# First Major Wild Fur Auction



## 220swift (Mar 2, 2011)

I hope everyone out there is taking advantage of these prices. Accross the board these prices are almost as good as it was in the late 1960's and 70's.

http://www.trapperpredatorcaller.com/article-index/first-major-wild-fur-auction-of-the-season-yields-encouraging-prices?et_mid=600069&rid=233680741


----------



## jswift (Dec 24, 2012)

Wow--They are a lot higher than I expected!


----------



## Gknoettgen (Dec 7, 2012)

That's promising


----------



## Ruger (Jan 22, 2011)

Thanks 220. I sold 2 cats yesterday. I cringed as I did so. I knew it was too early in the season to sell em, but I needed the $ to help finance the rest of the season. I sold one for $300 and another for $175. A couple of grey foxes for $20 a piece. Not gonna sell anything else til an auction next month. I've never done an auction before. I'm kinda anxious to give that a try.


----------



## 220swift (Mar 2, 2011)

good for you Ruger!!!!


----------



## coyotejon (Feb 4, 2010)

Ruger you won't be disappointed. Some times selling local is a quick way to get a few more tanks of gas for the line, I hear ya there.


----------



## hassell (Feb 9, 2010)

A few good prices, wolverine and wolf were lower then I figured, no marten mentioned!!!


----------



## azpredatorhunter (Jul 24, 2012)

No Bobcat/ Lynx cat prices?


----------



## 220swift (Mar 2, 2011)

cats will be in the March auction along with the fur that did not sell in this auction.
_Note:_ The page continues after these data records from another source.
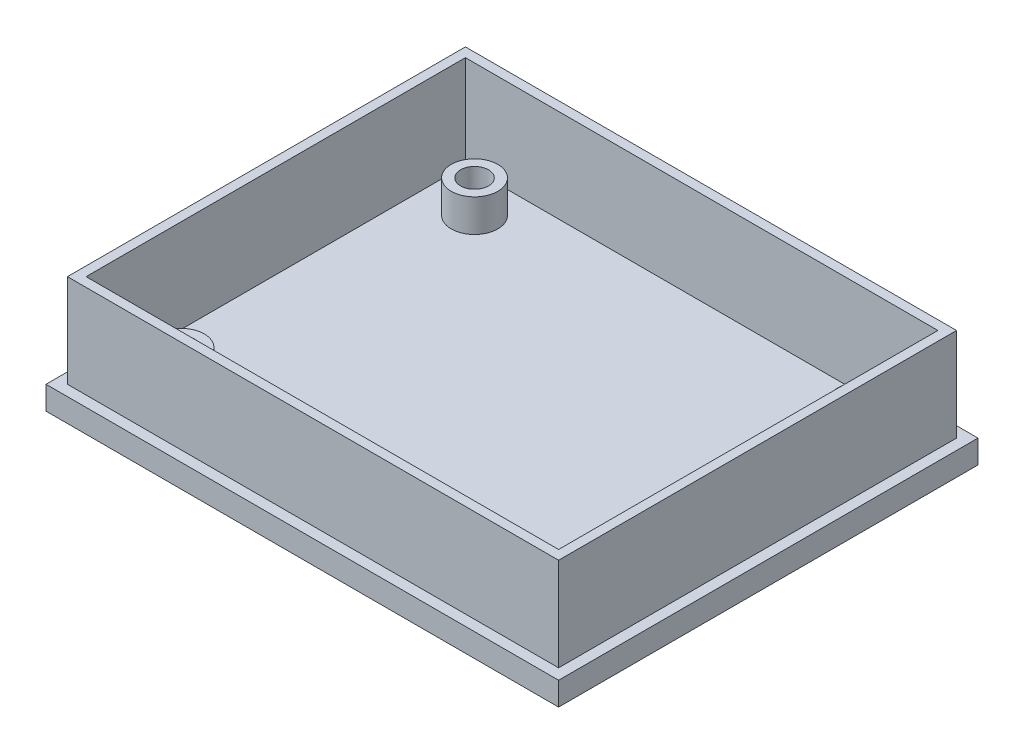
SolidWorks part; units mm, degrees
ref_plane "Front Plane" through (0, 0, 0) normal (0, 0, 1) x (1, 0, 0)
ref_plane "Top Plane" through (0, 0, 0) normal (0, 1, 0) x (1, 0, 0)
ref_plane "Right Plane" through (0, 0, 0) normal (1, 0, 0) x (0, 0, -1)
sketch "Sketch1" plane through (0, 0, 0) normal (0, 1, 0) x (1, 0, 0)
  line L1 (55, 45) -> (-55, 45)
  line L2 (55, 45) -> (55, -45)
  line L3 (55, -45) -> (-55, -45)
  line L4 (-55, 45) -> (-55, -45)
  line L5 (55, 45) -> (-55, -45) construction
  line L6 (55, -45) -> (-55, 45) construction
  point P0 (0, 0)
  dimension "D1" = 90
  dimension "D2" = 110
extrude "Boss-Extrude1" add sketch "Sketch1" along normal blind 5 contours L4 L3 L2 L1
sketch "Sketch4" plane through (0, 5, 0) normal (0, 1, 0) x (1, 0, 0)
  line L4 (-50.7, 40.7) -> (-50.7, -40.7)
  line L5 (-50.7, -40.7) -> (50.7, -40.7)
  line L6 (50.7, -40.7) -> (50.7, 40.7)
  line L7 (50.7, 40.7) -> (-50.7, 40.7)
  line L8 (52.7, 42.7) -> (-52.7, 42.7)
  line L9 (-52.7, 42.7) -> (-52.7, -42.7)
  line L10 (-52.7, -42.7) -> (52.7, -42.7)
  line L11 (52.7, -42.7) -> (52.7, 42.7)
  line L12 (52.7, 42.7) -> (-52.7, 42.7)
  line L13 (-52.7, 42.7) -> (-52.7, -42.7)
  line L14 (-52.7, -42.7) -> (52.7, -42.7)
  line L15 (52.7, -42.7) -> (52.7, 42.7)
  dimension "D1" = 2.3
  dimension "D2" = 2
extrude "Boss-Extrude2" add sketch "Sketch4" along normal blind 20
sketch "Sketch5" plane through (0, 5, 0) normal (0, 1, 0) x (1, 0, 0)
  circle A0 centre (-40.3803, 32.3418) radius 5
  circle A1 centre (-40.3803, -30.6582) radius 5
  circle A2 centre (42.6197, -30.6582) radius 5
  circle A3 centre (42.6197, 32.3418) radius 5
  point P8 (0, 0)
  dimension "D3" = 83
extrude "Boss-Extrude3" add sketch "Sketch5" along normal blind 7
sketch "Sketch6" plane through (0, 12, 0) normal (0, 1, 0) x (1, 0, 0)
  circle A18 centre (-40.3803, 32.3418) radius 3
  circle A19 centre (-40.3803, 32.3418) radius 3
  circle A21 centre (-40.3803, -30.6582) radius 3
  circle A22 centre (-40.3803, -30.6582) radius 3
  arc A24 (45.6197, -30.6582) -> (45.6197, -30.6582) centre (42.6197, -30.6582) ccw
  circle A25 centre (42.6197, -30.6582) radius 3
  arc A27 (45.6197, 32.3418) -> (45.6197, 32.3418) centre (42.6197, 32.3418) ccw
  circle A28 centre (42.6197, 32.3418) radius 3
  dimension "D1" = 2
  dimension "D2" = 2
  dimension "D3" = 2
  dimension "D4" = 2
extrude "Cut-Extrude1" cut sketch "Sketch6" against normal blind 5

They are expecting a good number of cats in the Colorado auction in Febuary.


----------



## Ruger (Jan 22, 2011)

From what I understand that auction was a "select" sale.


----------



## catcapper (Feb 11, 2010)

Your right Wayne.

awprint:


----------



## Ruger (Jan 22, 2011)

catcapper said:


> Your right Wayne.
> 
> I don't know who I heard that from. Lol
> 
> awprint:


----------